Your answer must consist of exactly the lines below, starting with the line with "#84=CARTESIAN_POINT('',(-9.,17.,4.));" and going on through the line with "#96=VERTEX_POINT('',#95);", and nothing else.

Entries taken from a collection
----

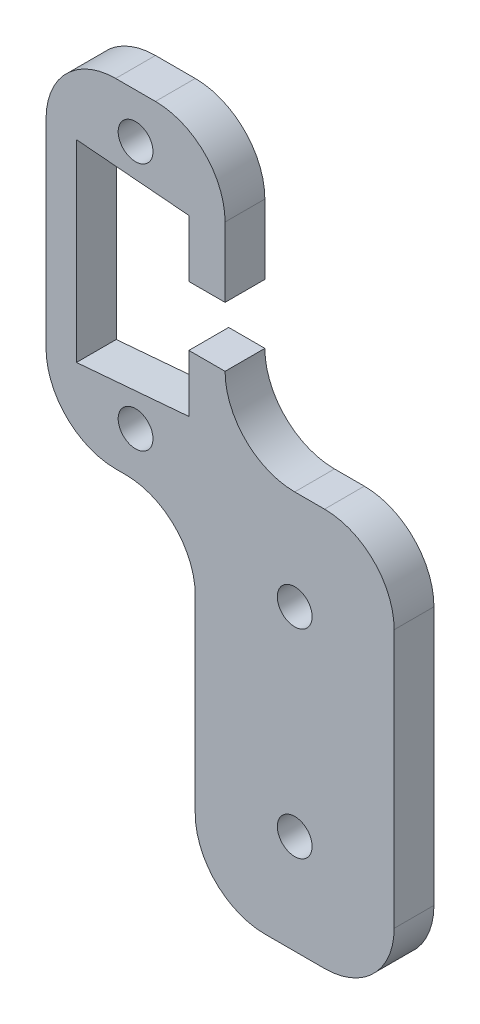
ISO-10303-21;
HEADER;
FILE_DESCRIPTION(('STEP AP214'),'2;1');
FILE_NAME('part.step','',(''),(''),'','','');
FILE_SCHEMA(('AUTOMOTIVE_DESIGN { 1 0 10303 214 1 1 1 1 }'));
ENDSEC;
DATA;
#1=APPLICATION_CONTEXT('core data for automotive mechanical design processes');
#2=APPLICATION_PROTOCOL_DEFINITION('international standard','automotive_design',2000,#1);
#3=PRODUCT_CONTEXT('',#1,'mechanical');
#4=PRODUCT('Part','Part','',(#3));
#5=PRODUCT_RELATED_PRODUCT_CATEGORY('part','',(#4));
#6=PRODUCT_DEFINITION_FORMATION('','',#4);
#7=PRODUCT_DEFINITION_CONTEXT('part definition',#1,'design');
#8=PRODUCT_DEFINITION('design','',#6,#7);
#9=PRODUCT_DEFINITION_SHAPE('','',#8);
#10=(LENGTH_UNIT() NAMED_UNIT(*) SI_UNIT(.MILLI.,.METRE.));
#11=(NAMED_UNIT(*) PLANE_ANGLE_UNIT() SI_UNIT($,.RADIAN.));
#12=(NAMED_UNIT(*) SI_UNIT($,.STERADIAN.) SOLID_ANGLE_UNIT());
#13=UNCERTAINTY_MEASURE_WITH_UNIT(LENGTH_MEASURE(1.E-05),#10,'distance_accuracy_value','');
#14=(GEOMETRIC_REPRESENTATION_CONTEXT(3) GLOBAL_UNCERTAINTY_ASSIGNED_CONTEXT((#13)) GLOBAL_UNIT_ASSIGNED_CONTEXT((#10,
#11,#12)) REPRESENTATION_CONTEXT('',''));
#15=CARTESIAN_POINT('',(0.,0.,0.));
#16=DIRECTION('',(0.,0.,1.));
#17=DIRECTION('',(1.,0.,0.));
#18=AXIS2_PLACEMENT_3D('',#15,#16,#17);
#19=CARTESIAN_POINT('',(0.,0.,4.));
#20=DIRECTION('',(0.,0.,1.));
#21=DIRECTION('',(1.,0.,0.));
#22=AXIS2_PLACEMENT_3D('',#19,#20,#21);
#23=PLANE('',#22);
#24=CARTESIAN_POINT('',(0.,12.5,4.));
#25=DIRECTION('',(0.,0.,1.));
#26=DIRECTION('',(1.,0.,0.));
#27=AXIS2_PLACEMENT_3D('',#24,#25,#26);
#28=CIRCLE('',#27,1.75);
#29=CARTESIAN_POINT('',(1.75,12.5,4.));
#30=VERTEX_POINT('',#29);
#31=EDGE_CURVE('E722',#30,#30,#28,.T.);
#32=ORIENTED_EDGE('',*,*,#31,.F.);
#33=EDGE_LOOP('',(#32));
#34=FACE_BOUND('',#33,.T.);
#35=CARTESIAN_POINT('',(16.,-40.,4.));
#36=DIRECTION('',(0.,0.,1.));
#37=DIRECTION('',(1.,0.,0.));
#38=AXIS2_PLACEMENT_3D('',#35,#36,#37);
#39=CIRCLE('',#38,1.75);
#40=CARTESIAN_POINT('',(17.75,-40.,4.));
#41=VERTEX_POINT('',#40);
#42=EDGE_CURVE('E380',#41,#41,#39,.T.);
#43=ORIENTED_EDGE('',*,*,#42,.F.);
#44=EDGE_LOOP('',(#43));
#45=FACE_BOUND('',#44,.T.);
#46=DIRECTION('',(0.,1.,0.));
#47=VECTOR('',#46,1.);
#48=CARTESIAN_POINT('',(9.,3.,4.));
#49=LINE('',#48,#47);
#50=CARTESIAN_POINT('',(9.,3.,4.));
#51=VERTEX_POINT('',#50);
#52=CARTESIAN_POINT('',(9.,10.,4.));
#53=VERTEX_POINT('',#52);
#54=EDGE_CURVE('E369',#51,#53,#49,.T.);
#55=ORIENTED_EDGE('',*,*,#54,.T.);
#56=CARTESIAN_POINT('',(2.,10.,4.));
#57=DIRECTION('',(0.,0.,1.));
#58=DIRECTION('',(1.,0.,0.));
#59=AXIS2_PLACEMENT_3D('',#56,#57,#58);
#60=CIRCLE('',#59,7.);
#61=CARTESIAN_POINT('',(2.,17.,4.));
#62=VERTEX_POINT('',#61);
#63=EDGE_CURVE('E243',#53,#62,#60,.T.);
#64=ORIENTED_EDGE('',*,*,#63,.T.);
#65=DIRECTION('',(-1.,0.,0.));
#66=VECTOR('',#65,1.);
#67=CARTESIAN_POINT('',(-9.,17.,4.));
#68=LINE('',#67,#66);
#69=CARTESIAN_POINT('',(-2.,17.,4.));
#70=VERTEX_POINT('',#69);
#71=EDGE_CURVE('E371',#62,#70,#68,.T.);
#72=ORIENTED_EDGE('',*,*,#71,.T.);
#73=CARTESIAN_POINT('',(-2.,10.,4.));
#74=DIRECTION('',(0.,0.,1.));
#75=DIRECTION('',(1.,0.,0.));
#76=AXIS2_PLACEMENT_3D('',#73,#74,#75);
#77=CIRCLE('',#76,7.);
#78=CARTESIAN_POINT('',(-9.,10.,4.));
#79=VERTEX_POINT('',#78);
#80=EDGE_CURVE('E233',#70,#79,#77,.T.);
#81=ORIENTED_EDGE('',*,*,#80,.T.);
#82=DIRECTION('',(0.,-1.,0.));
#83=VECTOR('',#82,1.);
#84=CARTESIAN_POINT('',(-9.,17.,4.));
#85=LINE('',#84,#83);
#86=CARTESIAN_POINT('',(-9.,-10.,4.));
#87=VERTEX_POINT('',#86);
#88=EDGE_CURVE('E374',#79,#87,#85,.T.);
#89=ORIENTED_EDGE('',*,*,#88,.T.);
#90=CARTESIAN_POINT('',(-2.,-10.,4.));
#91=DIRECTION('',(0.,0.,1.));
#92=DIRECTION('',(1.,0.,0.));
#93=AXIS2_PLACEMENT_3D('',#90,#91,#92);
#94=CIRCLE('',#93,7.);
#95=CARTESIAN_POINT('',(-2.,-17.,4.));
#96=VERTEX_POINT('',#95);
#97=EDGE_CURVE('E241',#87,#96,#94,.T.);
#98=ORIENTED_EDGE('',*,*,#97,.T.);
#99=DIRECTION('',(1.,0.,0.));
#100=VECTOR('',#99,1.);
#101=CARTESIAN_POINT('',(-9.,-17.,4.));
#102=LINE('',#101,#100);
#103=CARTESIAN_POINT('',(-1.,-17.,4.));
#104=VERTEX_POINT('',#103);
#105=EDGE_CURVE('E377',#96,#104,#102,.T.);
#106=ORIENTED_EDGE('',*,*,#105,.T.);
#107=CARTESIAN_POINT('',(-1.,-24.,4.));
#108=DIRECTION('',(0.,0.,1.));
#109=DIRECTION('',(1.,0.,0.));
#110=AXIS2_PLACEMENT_3D('',#107,#108,#109);
#111=CIRCLE('',#110,7.);
#112=CARTESIAN_POINT('',(6.,-24.,4.));
#113=VERTEX_POINT('',#112);
#114=EDGE_CURVE('E55',#104,#113,#111,.F.);
#115=ORIENTED_EDGE('',*,*,#114,.T.);
#116=DIRECTION('',(0.,-1.,0.));
#117=VECTOR('',#116,1.);
#118=CARTESIAN_POINT('',(6.,-17.,4.));
#119=LINE('',#118,#117);
#120=CARTESIAN_POINT('',(6.,-43.,4.));
#121=VERTEX_POINT('',#120);
#122=EDGE_CURVE('E327',#113,#121,#119,.T.);
#123=ORIENTED_EDGE('',*,*,#122,.T.);
#124=CARTESIAN_POINT('',(13.,-43.,4.));
#125=DIRECTION('',(0.,0.,1.));
#126=DIRECTION('',(1.,0.,0.));
#127=AXIS2_PLACEMENT_3D('',#124,#125,#126);
#128=CIRCLE('',#127,7.);
#129=CARTESIAN_POINT('',(13.,-50.,4.));
#130=VERTEX_POINT('',#129);
#131=EDGE_CURVE('E237',#121,#130,#128,.T.);
#132=ORIENTED_EDGE('',*,*,#131,.T.);
#133=DIRECTION('',(1.,0.,0.));
#134=VECTOR('',#133,1.);
#135=CARTESIAN_POINT('',(6.,-50.,4.));
#136=LINE('',#135,#134);
#137=CARTESIAN_POINT('',(19.,-50.,4.));
#138=VERTEX_POINT('',#137);
#139=EDGE_CURVE('E322',#130,#138,#136,.T.);
#140=ORIENTED_EDGE('',*,*,#139,.T.);
#141=CARTESIAN_POINT('',(19.,-43.,4.));
#142=DIRECTION('',(0.,0.,1.));
#143=DIRECTION('',(1.,0.,0.));
#144=AXIS2_PLACEMENT_3D('',#141,#142,#143);
#145=CIRCLE('',#144,7.);
#146=CARTESIAN_POINT('',(26.,-43.,4.));
#147=VERTEX_POINT('',#146);
#148=EDGE_CURVE('E235',#138,#147,#145,.T.);
#149=ORIENTED_EDGE('',*,*,#148,.T.);
#150=DIRECTION('',(0.,1.,0.));
#151=VECTOR('',#150,1.);
#152=CARTESIAN_POINT('',(26.,-50.,4.));
#153=LINE('',#152,#151);
#154=CARTESIAN_POINT('',(26.,-17.,4.));
#155=VERTEX_POINT('',#154);
#156=EDGE_CURVE('E398',#147,#155,#153,.T.);
#157=ORIENTED_EDGE('',*,*,#156,.T.);
#158=CARTESIAN_POINT('',(19.,-17.,4.));
#159=DIRECTION('',(0.,0.,1.));
#160=DIRECTION('',(1.,0.,0.));
#161=AXIS2_PLACEMENT_3D('',#158,#159,#160);
#162=CIRCLE('',#161,7.);
#163=CARTESIAN_POINT('',(19.,-10.,4.));
#164=VERTEX_POINT('',#163);
#165=EDGE_CURVE('E239',#155,#164,#162,.T.);
#166=ORIENTED_EDGE('',*,*,#165,.T.);
#167=DIRECTION('',(-1.,0.,0.));
#168=VECTOR('',#167,1.);
#169=CARTESIAN_POINT('',(26.,-10.,4.));
#170=LINE('',#169,#168);
#171=CARTESIAN_POINT('',(16.,-10.,4.));
#172=VERTEX_POINT('',#171);
#173=EDGE_CURVE('E194',#164,#172,#170,.T.);
#174=ORIENTED_EDGE('',*,*,#173,.T.);
#175=CARTESIAN_POINT('',(16.,-3.,4.));
#176=DIRECTION('',(0.,0.,1.));
#177=DIRECTION('',(1.,0.,0.));
#178=AXIS2_PLACEMENT_3D('',#175,#176,#177);
#179=CIRCLE('',#178,7.);
#180=CARTESIAN_POINT('',(9.,-3.,4.));
#181=VERTEX_POINT('',#180);
#182=EDGE_CURVE('E11',#172,#181,#179,.F.);
#183=ORIENTED_EDGE('',*,*,#182,.T.);
#184=DIRECTION('',(-1.,0.,0.));
#185=VECTOR('',#184,1.);
#186=CARTESIAN_POINT('',(5.35907859078591,-3.,4.));
#187=LINE('',#186,#185);
#188=CARTESIAN_POINT('',(5.35907859078591,-3.,4.));
#189=VERTEX_POINT('',#188);
#190=EDGE_CURVE('E191',#181,#189,#187,.T.);
#191=ORIENTED_EDGE('',*,*,#190,.T.);
#192=DIRECTION('',(0.,-1.,0.));
#193=VECTOR('',#192,1.);
#194=CARTESIAN_POINT('',(5.35907859078591,-3.,4.));
#195=LINE('',#194,#193);
#196=CARTESIAN_POINT('',(5.35907859078591,-8.74999999999999,4.));
#197=VERTEX_POINT('',#196);
#198=EDGE_CURVE('E206',#189,#197,#195,.T.);
#199=ORIENTED_EDGE('',*,*,#198,.T.);
#200=DIRECTION('',(-0.996484674130013,-0.0837752602144707,0.));
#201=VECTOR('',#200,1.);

----

Solution
#84=CARTESIAN_POINT('',(-9.,17.,4.));
#85=LINE('',#84,#83);
#86=CARTESIAN_POINT('',(-9.,-10.,4.));
#87=VERTEX_POINT('',#86);
#88=EDGE_CURVE('E374',#79,#87,#85,.T.);
#89=ORIENTED_EDGE('',*,*,#88,.T.);
#90=CARTESIAN_POINT('',(-2.,-10.,4.));
#91=DIRECTION('',(0.,0.,1.));
#92=DIRECTION('',(1.,0.,0.));
#93=AXIS2_PLACEMENT_3D('',#90,#91,#92);
#94=CIRCLE('',#93,7.);
#95=CARTESIAN_POINT('',(-2.,-17.,4.));
#96=VERTEX_POINT('',#95);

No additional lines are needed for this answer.